Sharif Hanford has never “raised the cat,” a catchphrase that spread among fans marking a 76ers win last season after Simmons posted photos of his own cats, nor does he obsess about Robert Covington’s deflections per game. Hanford’s not into memes and he’s not known to pore over player efficiency ratings. Hanford is just a kid who grew up in the Sixers Neighborhood Basketball League, now coaches ball and plays some pickup at Germantown High School whenever his body feels right. And yet …

“I guess you can say I was a part of the Process,” Hanford said. “Now the city is definitely behind the Sixers 100 percent and we’re ready for our parade.”

Hanford remembers attending a handful of Sixers games years ago with his son. There were just a few other long-suffering fans scattered around the building, including Stanford and Glenda Lattie.

“It was dead,” said Stanford Lattie of Delaware. “You could come in here and literally sit anywhere you want … This year, totally different. You can’t find a seat.”

The Latties, married 29 years, understand loyalty. They’ve been Sixers’ season-ticket holders since 1994. So they weren’t going to give up because of some terrible basketball.

“It was just something about the organization that we were tied to and we stuck through it,” Glenda Lattie said. “We never wavered. We came to every single game. Love the organization. Love the Sixers.”

Her husband finished her thought: “And we knew one day they would bounce back. They couldn’t stay bad forever. They were going to make a comeback.”

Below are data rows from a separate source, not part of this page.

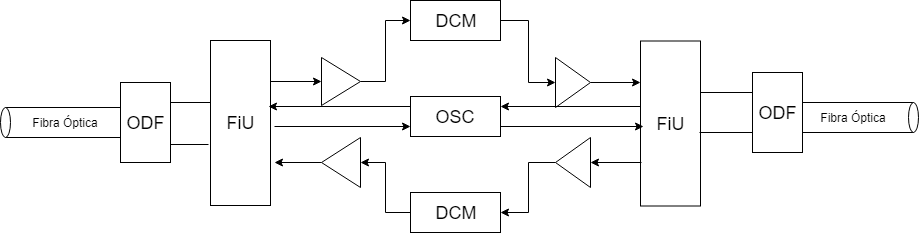

The diagram above was exported from draw.io. Its source (the exported page's mxGraphModel, read from the mxfile embedded in the PNG):
<mxGraphModel dx="1394" dy="796" grid="1" gridSize="10" guides="1" tooltips="1" connect="1" arrows="1" fold="1" page="1" pageScale="1" pageWidth="827" pageHeight="1169" math="0" shadow="0">
  <root>
    <mxCell id="0" />
    <mxCell id="1" parent="0" />
    <mxCell id="JY1AXaH4jAFjuchoJbIu-22" value="" style="group" vertex="1" connectable="0" parent="1">
      <mxGeometry x="838" y="355" width="130" height="30" as="geometry" />
    </mxCell>
    <mxCell id="JY1AXaH4jAFjuchoJbIu-23" value="Fibra Óptica" style="rounded=0;whiteSpace=wrap;html=1;" vertex="1" parent="JY1AXaH4jAFjuchoJbIu-22">
      <mxGeometry x="5" width="120" height="30" as="geometry" />
    </mxCell>
    <mxCell id="JY1AXaH4jAFjuchoJbIu-24" value="" style="ellipse;whiteSpace=wrap;html=1;" vertex="1" parent="JY1AXaH4jAFjuchoJbIu-22">
      <mxGeometry x="120" width="10" height="30" as="geometry" />
    </mxCell>
    <mxCell id="JY1AXaH4jAFjuchoJbIu-25" value="" style="ellipse;whiteSpace=wrap;html=1;" vertex="1" parent="JY1AXaH4jAFjuchoJbIu-22">
      <mxGeometry width="10" height="30" as="geometry" />
    </mxCell>
    <mxCell id="JY1AXaH4jAFjuchoJbIu-4" value="" style="group" vertex="1" connectable="0" parent="1">
      <mxGeometry x="50" y="360" width="130" height="30" as="geometry" />
    </mxCell>
    <mxCell id="JY1AXaH4jAFjuchoJbIu-1" value="Fibra Óptica" style="rounded=0;whiteSpace=wrap;html=1;" vertex="1" parent="JY1AXaH4jAFjuchoJbIu-4">
      <mxGeometry x="5" width="120" height="30" as="geometry" />
    </mxCell>
    <mxCell id="JY1AXaH4jAFjuchoJbIu-2" value="" style="ellipse;whiteSpace=wrap;html=1;" vertex="1" parent="JY1AXaH4jAFjuchoJbIu-4">
      <mxGeometry x="120" width="10" height="30" as="geometry" />
    </mxCell>
    <mxCell id="JY1AXaH4jAFjuchoJbIu-3" value="" style="ellipse;whiteSpace=wrap;html=1;" vertex="1" parent="JY1AXaH4jAFjuchoJbIu-4">
      <mxGeometry width="10" height="30" as="geometry" />
    </mxCell>
    <mxCell id="JY1AXaH4jAFjuchoJbIu-9" style="edgeStyle=orthogonalEdgeStyle;rounded=0;orthogonalLoop=1;jettySize=auto;html=1;exitX=1;exitY=0.25;exitDx=0;exitDy=0;entryX=0.033;entryY=0.376;entryDx=0;entryDy=0;entryPerimeter=0;endArrow=none;endFill=0;" edge="1" parent="1" source="JY1AXaH4jAFjuchoJbIu-5" target="JY1AXaH4jAFjuchoJbIu-6">
      <mxGeometry relative="1" as="geometry" />
    </mxCell>
    <mxCell id="JY1AXaH4jAFjuchoJbIu-10" style="edgeStyle=orthogonalEdgeStyle;rounded=0;orthogonalLoop=1;jettySize=auto;html=1;exitX=1;exitY=0.75;exitDx=0;exitDy=0;entryX=-0.033;entryY=0.63;entryDx=0;entryDy=0;entryPerimeter=0;endArrow=none;endFill=0;" edge="1" parent="1" source="JY1AXaH4jAFjuchoJbIu-5" target="JY1AXaH4jAFjuchoJbIu-6">
      <mxGeometry relative="1" as="geometry">
        <Array as="points">
          <mxPoint x="220" y="397" />
        </Array>
      </mxGeometry>
    </mxCell>
    <mxCell id="JY1AXaH4jAFjuchoJbIu-5" value="&lt;font style=&quot;font-size: 18px&quot;&gt;ODF&lt;/font&gt;&lt;br&gt;" style="rounded=0;whiteSpace=wrap;html=1;" vertex="1" parent="1">
      <mxGeometry x="170" y="335" width="50" height="80" as="geometry" />
    </mxCell>
    <mxCell id="JY1AXaH4jAFjuchoJbIu-12" style="edgeStyle=orthogonalEdgeStyle;rounded=0;orthogonalLoop=1;jettySize=auto;html=1;exitX=1;exitY=0.25;exitDx=0;exitDy=0;entryX=0;entryY=0.5;entryDx=0;entryDy=0;endArrow=classic;endFill=1;" edge="1" parent="1" source="JY1AXaH4jAFjuchoJbIu-6" target="JY1AXaH4jAFjuchoJbIu-11">
      <mxGeometry relative="1" as="geometry" />
    </mxCell>
    <mxCell id="JY1AXaH4jAFjuchoJbIu-6" value="&lt;font style=&quot;font-size: 18px&quot;&gt;FiU&lt;/font&gt;" style="rounded=0;whiteSpace=wrap;html=1;" vertex="1" parent="1">
      <mxGeometry x="260" y="293" width="60" height="165" as="geometry" />
    </mxCell>
    <mxCell id="JY1AXaH4jAFjuchoJbIu-14" style="edgeStyle=orthogonalEdgeStyle;rounded=0;orthogonalLoop=1;jettySize=auto;html=1;exitX=1;exitY=0.5;exitDx=0;exitDy=0;entryX=0;entryY=0.5;entryDx=0;entryDy=0;endArrow=classic;endFill=1;" edge="1" parent="1" source="JY1AXaH4jAFjuchoJbIu-11" target="JY1AXaH4jAFjuchoJbIu-13">
      <mxGeometry relative="1" as="geometry" />
    </mxCell>
    <mxCell id="JY1AXaH4jAFjuchoJbIu-11" value="" style="triangle;whiteSpace=wrap;html=1;" vertex="1" parent="1">
      <mxGeometry x="371" y="310" width="39" height="48" as="geometry" />
    </mxCell>
    <mxCell id="JY1AXaH4jAFjuchoJbIu-16" style="edgeStyle=orthogonalEdgeStyle;rounded=0;orthogonalLoop=1;jettySize=auto;html=1;exitX=1;exitY=0.5;exitDx=0;exitDy=0;entryX=0;entryY=0.5;entryDx=0;entryDy=0;endArrow=classic;endFill=1;" edge="1" parent="1" source="JY1AXaH4jAFjuchoJbIu-13" target="JY1AXaH4jAFjuchoJbIu-15">
      <mxGeometry relative="1" as="geometry" />
    </mxCell>
    <mxCell id="JY1AXaH4jAFjuchoJbIu-13" value="&lt;font style=&quot;font-size: 18px&quot;&gt;DCM&lt;/font&gt;" style="rounded=0;whiteSpace=wrap;html=1;" vertex="1" parent="1">
      <mxGeometry x="460" y="253" width="90" height="40" as="geometry" />
    </mxCell>
    <mxCell id="JY1AXaH4jAFjuchoJbIu-18" style="edgeStyle=orthogonalEdgeStyle;rounded=0;orthogonalLoop=1;jettySize=auto;html=1;exitX=1;exitY=0.5;exitDx=0;exitDy=0;entryX=0;entryY=0.25;entryDx=0;entryDy=0;endArrow=classic;endFill=1;" edge="1" parent="1" source="JY1AXaH4jAFjuchoJbIu-15" target="JY1AXaH4jAFjuchoJbIu-17">
      <mxGeometry relative="1" as="geometry" />
    </mxCell>
    <mxCell id="JY1AXaH4jAFjuchoJbIu-15" value="" style="triangle;whiteSpace=wrap;html=1;" vertex="1" parent="1">
      <mxGeometry x="605" y="310" width="35" height="50" as="geometry" />
    </mxCell>
    <mxCell id="JY1AXaH4jAFjuchoJbIu-17" value="&lt;font style=&quot;font-size: 18px&quot;&gt;FiU&lt;/font&gt;" style="rounded=0;whiteSpace=wrap;html=1;" vertex="1" parent="1">
      <mxGeometry x="690" y="293.5" width="60" height="165" as="geometry" />
    </mxCell>
    <mxCell id="JY1AXaH4jAFjuchoJbIu-20" style="edgeStyle=orthogonalEdgeStyle;rounded=0;orthogonalLoop=1;jettySize=auto;html=1;exitX=0;exitY=0.25;exitDx=0;exitDy=0;entryX=1;entryY=0.312;entryDx=0;entryDy=0;entryPerimeter=0;endArrow=none;endFill=0;" edge="1" parent="1" source="JY1AXaH4jAFjuchoJbIu-19" target="JY1AXaH4jAFjuchoJbIu-17">
      <mxGeometry relative="1" as="geometry" />
    </mxCell>
    <mxCell id="JY1AXaH4jAFjuchoJbIu-21" style="edgeStyle=orthogonalEdgeStyle;rounded=0;orthogonalLoop=1;jettySize=auto;html=1;exitX=0;exitY=0.75;exitDx=0;exitDy=0;entryX=0.983;entryY=0.555;entryDx=0;entryDy=0;entryPerimeter=0;endArrow=none;endFill=0;" edge="1" parent="1" source="JY1AXaH4jAFjuchoJbIu-19" target="JY1AXaH4jAFjuchoJbIu-17">
      <mxGeometry relative="1" as="geometry" />
    </mxCell>
    <mxCell id="JY1AXaH4jAFjuchoJbIu-19" value="&lt;font style=&quot;font-size: 18px&quot;&gt;ODF&lt;/font&gt;&lt;br&gt;" style="rounded=0;whiteSpace=wrap;html=1;" vertex="1" parent="1">
      <mxGeometry x="802" y="325" width="50" height="80" as="geometry" />
    </mxCell>
    <mxCell id="JY1AXaH4jAFjuchoJbIu-29" style="edgeStyle=orthogonalEdgeStyle;rounded=0;orthogonalLoop=1;jettySize=auto;html=1;exitX=1;exitY=0.5;exitDx=0;exitDy=0;entryX=0.017;entryY=0.736;entryDx=0;entryDy=0;entryPerimeter=0;endArrow=none;endFill=0;startArrow=classic;startFill=1;" edge="1" parent="1" source="JY1AXaH4jAFjuchoJbIu-26" target="JY1AXaH4jAFjuchoJbIu-17">
      <mxGeometry relative="1" as="geometry" />
    </mxCell>
    <mxCell id="JY1AXaH4jAFjuchoJbIu-30" style="edgeStyle=orthogonalEdgeStyle;rounded=0;orthogonalLoop=1;jettySize=auto;html=1;exitX=0;exitY=0.5;exitDx=0;exitDy=0;entryX=1;entryY=0.5;entryDx=0;entryDy=0;startArrow=none;startFill=0;endArrow=classic;endFill=1;" edge="1" parent="1" source="JY1AXaH4jAFjuchoJbIu-26" target="JY1AXaH4jAFjuchoJbIu-28">
      <mxGeometry relative="1" as="geometry" />
    </mxCell>
    <mxCell id="JY1AXaH4jAFjuchoJbIu-26" value="" style="triangle;whiteSpace=wrap;html=1;flipH=1;" vertex="1" parent="1">
      <mxGeometry x="605" y="390" width="35" height="50" as="geometry" />
    </mxCell>
    <mxCell id="JY1AXaH4jAFjuchoJbIu-32" style="edgeStyle=orthogonalEdgeStyle;rounded=0;orthogonalLoop=1;jettySize=auto;html=1;exitX=0;exitY=0.5;exitDx=0;exitDy=0;entryX=1.067;entryY=0.739;entryDx=0;entryDy=0;entryPerimeter=0;startArrow=none;startFill=0;endArrow=classic;endFill=1;" edge="1" parent="1" source="JY1AXaH4jAFjuchoJbIu-27" target="JY1AXaH4jAFjuchoJbIu-6">
      <mxGeometry relative="1" as="geometry" />
    </mxCell>
    <mxCell id="JY1AXaH4jAFjuchoJbIu-27" value="" style="triangle;whiteSpace=wrap;html=1;flipH=1;" vertex="1" parent="1">
      <mxGeometry x="371" y="390" width="39" height="50" as="geometry" />
    </mxCell>
    <mxCell id="JY1AXaH4jAFjuchoJbIu-31" style="edgeStyle=orthogonalEdgeStyle;rounded=0;orthogonalLoop=1;jettySize=auto;html=1;exitX=0;exitY=0.5;exitDx=0;exitDy=0;entryX=1;entryY=0.5;entryDx=0;entryDy=0;startArrow=none;startFill=0;endArrow=classic;endFill=1;" edge="1" parent="1" source="JY1AXaH4jAFjuchoJbIu-28" target="JY1AXaH4jAFjuchoJbIu-27">
      <mxGeometry relative="1" as="geometry" />
    </mxCell>
    <mxCell id="JY1AXaH4jAFjuchoJbIu-28" value="&lt;font style=&quot;font-size: 18px&quot;&gt;DCM&lt;/font&gt;" style="rounded=0;whiteSpace=wrap;html=1;" vertex="1" parent="1">
      <mxGeometry x="460" y="445" width="90" height="40" as="geometry" />
    </mxCell>
    <mxCell id="JY1AXaH4jAFjuchoJbIu-34" style="edgeStyle=orthogonalEdgeStyle;rounded=0;orthogonalLoop=1;jettySize=auto;html=1;exitX=1;exitY=0.25;exitDx=0;exitDy=0;entryX=0;entryY=0.397;entryDx=0;entryDy=0;entryPerimeter=0;startArrow=classic;startFill=1;endArrow=none;endFill=0;" edge="1" parent="1" source="JY1AXaH4jAFjuchoJbIu-33" target="JY1AXaH4jAFjuchoJbIu-17">
      <mxGeometry relative="1" as="geometry" />
    </mxCell>
    <mxCell id="JY1AXaH4jAFjuchoJbIu-35" style="edgeStyle=orthogonalEdgeStyle;rounded=0;orthogonalLoop=1;jettySize=auto;html=1;exitX=1;exitY=0.75;exitDx=0;exitDy=0;entryX=0.05;entryY=0.518;entryDx=0;entryDy=0;entryPerimeter=0;startArrow=none;startFill=0;endArrow=classic;endFill=1;" edge="1" parent="1" source="JY1AXaH4jAFjuchoJbIu-33" target="JY1AXaH4jAFjuchoJbIu-17">
      <mxGeometry relative="1" as="geometry" />
    </mxCell>
    <mxCell id="JY1AXaH4jAFjuchoJbIu-36" style="edgeStyle=orthogonalEdgeStyle;rounded=0;orthogonalLoop=1;jettySize=auto;html=1;exitX=0;exitY=0.25;exitDx=0;exitDy=0;entryX=0.967;entryY=0.4;entryDx=0;entryDy=0;entryPerimeter=0;startArrow=none;startFill=0;endArrow=classic;endFill=1;" edge="1" parent="1" source="JY1AXaH4jAFjuchoJbIu-33" target="JY1AXaH4jAFjuchoJbIu-6">
      <mxGeometry relative="1" as="geometry" />
    </mxCell>
    <mxCell id="JY1AXaH4jAFjuchoJbIu-38" style="edgeStyle=orthogonalEdgeStyle;rounded=0;orthogonalLoop=1;jettySize=auto;html=1;exitX=0;exitY=0.75;exitDx=0;exitDy=0;entryX=1.067;entryY=0.521;entryDx=0;entryDy=0;entryPerimeter=0;startArrow=classic;startFill=1;endArrow=none;endFill=0;" edge="1" parent="1" source="JY1AXaH4jAFjuchoJbIu-33" target="JY1AXaH4jAFjuchoJbIu-6">
      <mxGeometry relative="1" as="geometry" />
    </mxCell>
    <mxCell id="JY1AXaH4jAFjuchoJbIu-33" value="&lt;font style=&quot;font-size: 18px&quot;&gt;OSC&lt;br&gt;&lt;/font&gt;" style="rounded=0;whiteSpace=wrap;html=1;" vertex="1" parent="1">
      <mxGeometry x="460" y="349" width="90" height="40" as="geometry" />
    </mxCell>
  </root>
</mxGraphModel>

On Wednesday, the Latties stood by their usual perch near the P.J. Whelihan’s, just outside sections 105 and 106. Glenda had a slice of pizza and a soda. Stanford ordered a beer. They waved hello to old friends and marveled at the new ones filling the arena in Sixers blue and red.

“To see this crowd,” Glenda began, “We were coming when there was no one here. But just to see this crowd and to see that they have legitimate potential to go somewhere …”

The Sixers may not land LeBron James. They almost certainly will not have that parade this summer down Broad Street. But what the Sixers do have is a future, and an adoring fan base along for the ride.

The players have embraced the city, and Philly has opened its arms wide. Last summer, when Thompson put on the 16th running of the Chosen League, which partners with the Sixers, Simmons and Covington dropped by, along with Coach Brett Brown. Embiid has been known to show up at popular Philly hangouts — no entourage, no security.

“Basketball is an important part of the fabric of the city,” said Carl Arrigale, a South Philadelphia native entering his 20th season as head coach of the storied Neumann-Goretti high school boys’ basketball team.

“There’s a certain toughness that’s equated with a Philly basketball player and a basketball team,” Arrigale continued, “and I think this team has it. They’ve got some grit.”